Ein morgendliches Kultur-Vergnügen wurde am Valentinstag im Montforthaus geboten.
Feldkirch Allen romantischen Frühaufstehern bot das Montforthaus zum Valentinstag ein besonderes Vergnügen: Ein Morgenkonzert mit Musik und Lyrik zum Sonnenaufgang. Einen schöneren Start in den Festtag der Liebenden hätte es wohl nicht geben können, als mit Tobias Krüger und Franziska Fleischanderl gefühlvollen Texten über die Liebe zu den bezaubernden Klängen des Salterio, eines barocken Hackbretts, zu lauschen. Schon im Alter von vier Jahren verliebte sich Franziska Fleischanderl in den klaren und sphärischen Klang der Harfe.
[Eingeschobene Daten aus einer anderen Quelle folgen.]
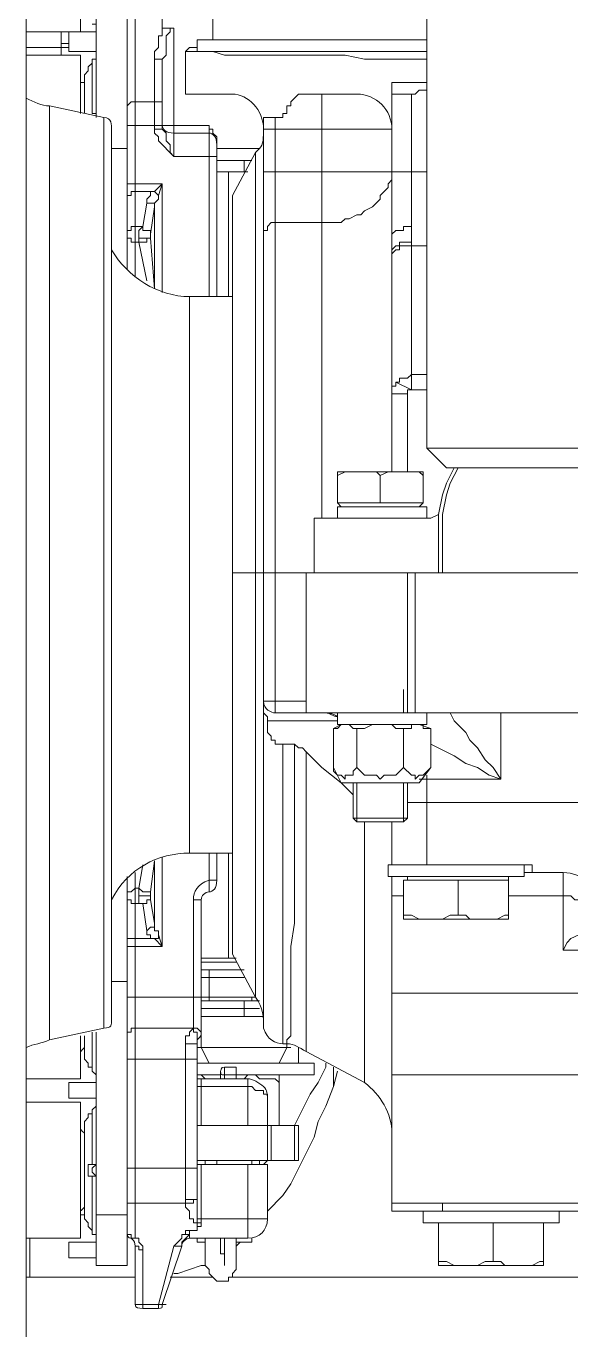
# Model space of a CAD drawing. Header units: millimetres. Extents: x 25083 to 52777, y 24772 to 45779.
# Drawn here: x 46909.1 to 46961.1, y 38556.6 to 38681 of the extents above; entities that cross this region are included whole.
import ezdxf

# ---------------------------------------------------------------- set-up
doc = ezdxf.new("R2010")
doc.units = ezdxf.units.MM

# ---------------------------------------------------------------- blocks, each defined once
blk = doc.blocks.new('zw$F4C5')
at = {"color": 7, "lineweight": 5}
for points in [[(798.79, 312.68), (798.79, 8.91)], [(816.62, 211.67), (816.62, 229.5)], [(805.48, 204.25), (805.48, 228.01)], [(808.45, 189.76), (808.45, 228.01)], [(803.99, 225.79), (803.99, 212.42)], [(809.19, 189.02), (809.19, 226.16)], [(811.79, 212.79), (811.79, 226.16)], [(837.04, 217.25), (837.04, 172.68)], [(805.48, 212.79), (805.48, 213.16), (805.11, 213.16)], [(812.16, 212.79), (811.79, 212.79), (811.79, 212.05), (811.42, 212.05), (811.42, 210.93), (811.05, 210.56), (811.05, 209.82)], [(812.9, 212.79), (812.53, 212.79), (812.53, 212.42), (812.16, 212.05), (812.16, 210.19), (811.79, 209.82), (811.79, 209.45)], [(811.79, 212.79), (812.16, 212.79)], [(812.9, 212.79), (812.16, 212.79)], [(812.9, 200.53), (812.9, 212.79)], [(803.99, 212.42), (798.79, 212.42)], [(802.14, 210.19), (802.14, 212.42)], [(802.14, 212.42), (802.14, 212.05)], [(802.14, 212.05), (802.14, 210.93)], [(805.48, 212.42), (802.88, 212.42)], [(805.48, 212.42), (802.88, 212.42)], [(802.88, 210.56), (802.88, 212.42)], [(815.13, 211.67), (837.04, 211.67)], [(815.13, 210.56), (815.13, 211.67)], [(798.79, 210.93), (802.14, 210.93)], [(802.14, 211.3), (802.88, 211.3)], [(802.88, 210.93), (802.14, 210.93)], [(802.14, 210.93), (802.14, 210.19)], [(805.48, 210.56), (802.88, 210.56)], [(805.48, 210.56), (802.88, 210.56)], [(814.02, 210.56), (814.39, 210.93), (814.76, 210.93)], [(837.04, 209.82), (831.1, 209.82), (829.24, 210.19), (817.73, 210.19), (816.62, 210.56), (814.02, 210.56)], [(814.02, 210.56), (814.02, 206.48)], [(814.76, 210.93), (815.13, 210.93)], [(815.13, 210.56), (837.04, 210.56)], [(798.79, 210.19), (803.99, 210.19)], [(803.99, 210.19), (803.99, 204.62)], [(805.11, 209.45), (804.73, 209.08)], [(804.73, 209.08), (804.73, 208.7)], [(805.11, 209.45), (805.11, 209.82), (805.48, 209.82), (805.48, 210.19)], [(805.11, 209.45), (805.11, 204.62)], [(811.05, 209.82), (811.79, 209.82), (811.79, 209.45)], [(811.05, 209.82), (811.05, 203.13)], [(811.79, 203.13), (811.79, 209.45)], [(804.36, 208.33), (804.73, 208.7)], [(804.36, 204.62), (804.36, 208.33)], [(804.36, 204.62), (804.36, 207.96)], [(837.04, 207.59), (833.7, 207.59)], [(833.7, 170.45), (833.7, 207.59)], [(834.07, 206.48), (833.7, 206.48), (833.7, 206.85)], [(835.56, 206.48), (835.93, 206.48), (836.3, 206.85), (836.67, 206.85)], [(837.04, 207.22), (837.04, 206.85), (836.67, 206.85)], [(801.02, 205.36), (806.22, 204.25)], [(801.02, 205.36), (801.02, 116.24)], [(809.19, 205.73), (808.82, 205.73), (808.45, 205.36)], [(811.05, 205.73), (809.19, 205.73)], [(811.79, 205.36), (811.79, 205.73), (811.05, 205.73)], [(818.48, 206.48), (814.02, 206.48)], [(814.02, 206.48), (818.48, 206.48)], [(823.3, 204.25), (823.3, 204.62), (823.67, 204.62), (823.67, 205.36), (824.05, 205.36), (824.05, 205.73), (824.79, 206.48), (825.9, 206.48)], [(827.02, 206.48), (825.9, 206.48)], [(830.36, 206.48), (827.02, 206.48)], [(827.02, 166), (827.02, 206.48)], [(835.19, 206.48), (834.07, 206.48)], [(835.56, 206.48), (835.19, 206.48)], [(835.56, 206.48), (835.56, 179.74)], [(805.48, 204.62), (805.11, 204.62)], [(805.48, 204.62), (805.48, 204.25)], [(806.22, 204.25), (806.22, 117.35)], [(823.3, 204.25), (821.45, 204.25)], [(821.45, 204.25), (823.3, 204.25)], [(821.45, 148.54), (821.45, 204.25)], [(822.56, 147.43), (822.56, 204.25)], [(806.96, 203.13), (806.96, 118.09)], [(808.45, 203.5), (811.79, 203.5)], [(811.79, 203.13), (811.05, 203.13)], [(812.9, 200.53), (811.42, 202.02), (811.42, 202.39), (811.05, 202.76), (811.05, 203.13)], [(816.25, 203.5), (811.79, 203.5)], [(811.79, 203.13), (812.16, 202.76), (812.16, 202.02), (812.53, 201.65), (812.53, 200.91), (812.9, 200.53)], [(816.25, 203.5), (816.25, 203.13), (816.62, 203.13), (816.62, 202.76), (816.99, 202.39), (816.99, 202.02)], [(816.25, 203.5), (816.25, 187.16)], [(822.56, 203.13), (821.45, 203.13)], [(827.02, 203.13), (822.56, 203.13)], [(829.62, 203.13), (827.02, 203.13)], [(831.84, 203.13), (829.62, 203.13)], [(832.59, 203.13), (831.84, 203.13)], [(833.7, 203.13), (832.59, 203.13)], [(816.25, 202.76), (812.9, 202.76)], [(816.99, 187.16), (816.99, 202.02)], [(806.96, 201.28), (808.45, 201.28)], [(812.9, 200.53), (816.99, 200.53)], [(821.07, 201.28), (816.99, 201.28)], [(820.7, 200.91), (818.48, 196.82)], [(820.7, 200.91), (821.07, 201.28)], [(820.7, 200.91), (820.7, 160.8)], [(816.99, 200.16), (820.33, 200.16)], [(819.59, 200.16), (819.59, 199.05)], [(811.79, 197.93), (808.45, 197.93)], [(811.05, 197.19), (811.79, 197.93)], [(811.79, 197.93), (811.42, 196.82)], [(811.79, 187.54), (811.79, 197.93)], [(816.99, 199.05), (819.59, 199.05)], [(816.99, 199.05), (819.96, 199.05)], [(818.1, 187.16), (818.1, 199.05)], [(822.56, 199.05), (821.45, 199.05)], [(827.02, 199.05), (822.56, 199.05)], [(829.62, 199.05), (827.02, 199.05)], [(833.7, 199.05), (833.7, 198.31), (833.33, 197.93), (833.33, 197.56), (832.59, 196.82), (832.59, 196.45), (831.84, 195.71), (831.1, 195.33), (830.73, 194.96), (830.36, 194.96), (829.62, 194.59), (829.24, 194.59), (828.87, 194.22), (827.02, 194.22)], [(831.84, 199.05), (829.62, 199.05)], [(832.59, 199.05), (831.84, 199.05)], [(833.7, 199.05), (832.59, 199.05)], [(833.7, 199.05), (835.56, 199.05)], [(837.04, 199.05), (835.56, 199.05)], [(808.45, 196.82), (808.82, 196.82), (808.82, 197.19), (809.19, 197.19)], [(809.19, 197.19), (811.05, 197.19)], [(810.31, 196.08), (810.31, 196.45), (810.68, 196.82), (810.68, 197.19), (811.05, 197.19)], [(811.05, 197.19), (811.42, 196.82)], [(811.42, 196.82), (811.42, 196.45), (811.05, 196.08), (811.05, 195.71)], [(818.48, 196.82), (818.48, 160.8)], [(809.93, 193.85), (810.31, 196.08)], [(810.31, 196.08), (811.05, 196.08), (811.05, 195.71)], [(811.05, 195.71), (810.68, 193.11)], [(811.05, 195.71), (811.05, 187.91)], [(818.48, 196.08), (818.48, 125.52)], [(822.56, 194.22), (822.19, 194.22), (821.82, 193.85), (821.82, 193.48), (821.45, 193.48)], [(827.02, 194.22), (822.56, 194.22)], [(809.19, 193.85), (808.82, 193.85), (808.82, 193.48), (808.45, 193.48)], [(809.93, 193.85), (809.19, 193.85)], [(809.56, 192.74), (809.56, 193.48), (809.93, 193.85)], [(810.68, 193.11), (810.68, 193.48), (809.93, 193.48), (809.93, 193.85)], [(810.68, 193.11), (810.68, 192.74)], [(833.7, 192.74), (833.7, 193.11), (834.07, 193.48), (834.82, 193.48), (834.82, 193.85), (835.56, 193.85)], [(808.45, 192.74), (808.82, 192.74), (808.82, 192.36), (809.19, 192.36)], [(809.19, 192.36), (809.56, 192.36)], [(809.56, 192.36), (810.31, 192.36), (810.31, 192.74), (810.68, 192.74)], [(809.56, 192.74), (810.68, 192.74)], [(809.56, 192.36), (809.56, 192.74)], [(810.31, 188.65), (809.56, 192.36)], [(810.68, 192.74), (811.05, 187.91)], [(833.7, 191.25), (833.7, 191.62), (834.07, 191.99), (834.44, 191.99), (834.44, 192.36), (835.56, 192.36)], [(833.7, 190.51), (833.7, 191.25), (834.07, 191.62), (834.44, 191.62), (834.44, 191.99), (835.56, 191.99)], [(837.04, 191.99), (835.56, 191.99)], [(814.39, 187.16), (818.48, 187.16)], [(814.39, 134.06), (814.39, 187.16)], [(834.07, 179), (834.44, 179), (834.44, 179.37), (835.19, 179.37), (835.56, 179.74)], [(837.04, 179.74), (835.56, 179.74)], [(835.56, 179.74), (835.56, 178.25)], [(833.7, 177.88), (833.7, 178.62), (834.07, 178.62), (834.07, 179)], [(834.07, 179), (835.56, 178.25)], [(835.56, 178.25), (835.19, 178.25), (835.19, 177.88)], [(837.04, 178.25), (835.56, 178.25)], [(833.7, 177.88), (835.19, 177.88)], [(835.19, 170.45), (835.19, 177.88)], [(837.04, 172.68), (860.81, 172.68)], [(837.04, 172.68), (838.9, 170.83)], [(839.64, 170.83), (838.9, 169.34), (838.53, 168.23), (838.16, 166.37), (838.16, 160.8)], [(838.9, 170.83), (858.95, 170.83)], [(838.9, 169.34), (839.64, 170.83)], [(840.01, 170.83), (839.27, 169.34)], [(830.73, 170.45), (829.24, 170.45), (828.5, 170.08)], [(828.5, 170.45), (836.67, 170.45)], [(828.5, 167.48), (828.5, 170.45)], [(832.59, 170.08), (832.22, 170.45), (830.73, 170.45)], [(834.82, 170.45), (833.33, 170.45), (832.59, 170.08)], [(832.59, 167.48), (832.59, 170.08)], [(836.67, 170.08), (836.3, 170.45), (834.82, 170.45)], [(836.67, 167.48), (836.67, 170.45)], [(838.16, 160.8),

Seit 2015 ist sie auf das italienische Salterio spezialisiert. Mal wie bei einem Psalterium gezupft und mal wie am Hackbrett geschlagen, entlockte die Virtuosin dem vielseitigen Instrument seine allerschönsten Melodien und Klangfarben. Dabei durfte natürlich Vivaldi nicht fehlen, der das Salterio auch in der Oper einsetzte.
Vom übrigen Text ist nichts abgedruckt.